کد مقاله | کد نشریه | سال انتشار | مقاله انگلیسی | نسخه تمام متن |
---|---|---|---|---|
3257201 | 1207396 | 2011 | 9 صفحه PDF | دانلود رایگان |

CD56bright NK cells, which may play a role in immunoregulation, are expanded in multiple sclerosis (MS) patients treated with immunomodulatory therapies such as daclizumab and interferon-beta (IFNβ). Yet, whether this NK cell subset is directly involved in the therapeutic effect is unknown. As NK receptor (NKR) expression by subsets of NK cells and CD8+ T lymphocytes is related to MS clinical course, we addressed whether CD56bright NK cells and NKR in IFNβ-treated MS patients differ according to the clinical response. IFNβ was associated to lower LILRB1+ and KIR + NK cells, and higher NKG2A + NK cell proportions, an immunophenotypic pattern mainly found in responders. After IFNβ treatment, a CD56bright NK cell expansion was significantly related to a positive clinical response. Our results reveal that IFNβ may promote in responders changes in the NK cell immunophenotype, corresponding to the profile found at early maturation stages of this lymphocyte lineage.
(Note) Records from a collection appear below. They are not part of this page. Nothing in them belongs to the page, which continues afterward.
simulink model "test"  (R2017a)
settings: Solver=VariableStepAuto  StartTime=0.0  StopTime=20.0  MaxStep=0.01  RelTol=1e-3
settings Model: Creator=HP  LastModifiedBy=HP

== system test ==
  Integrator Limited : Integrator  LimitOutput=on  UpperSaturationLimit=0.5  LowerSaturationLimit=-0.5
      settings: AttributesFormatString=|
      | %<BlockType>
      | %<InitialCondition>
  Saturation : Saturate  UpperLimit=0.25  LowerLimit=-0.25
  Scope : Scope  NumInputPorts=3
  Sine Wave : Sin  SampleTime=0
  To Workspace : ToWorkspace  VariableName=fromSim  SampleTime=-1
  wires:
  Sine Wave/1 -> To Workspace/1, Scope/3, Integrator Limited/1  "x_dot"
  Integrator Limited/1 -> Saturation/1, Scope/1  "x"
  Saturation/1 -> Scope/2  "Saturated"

► We evaluated changes in NK cells in IFNβ-treated multiple sclerosis patients.
► Clinical response to IFNβ was related to an expansion of CD56bright NK cells.
► IFNβ decreases LILRB1 and KIRs, and increases NKG2A expression by NK cells.
► This immunophenotypic pattern was mainly found in responders to IFNβ.
► We conclude that IFNβ promotes in responders early maturation stages of NK cells.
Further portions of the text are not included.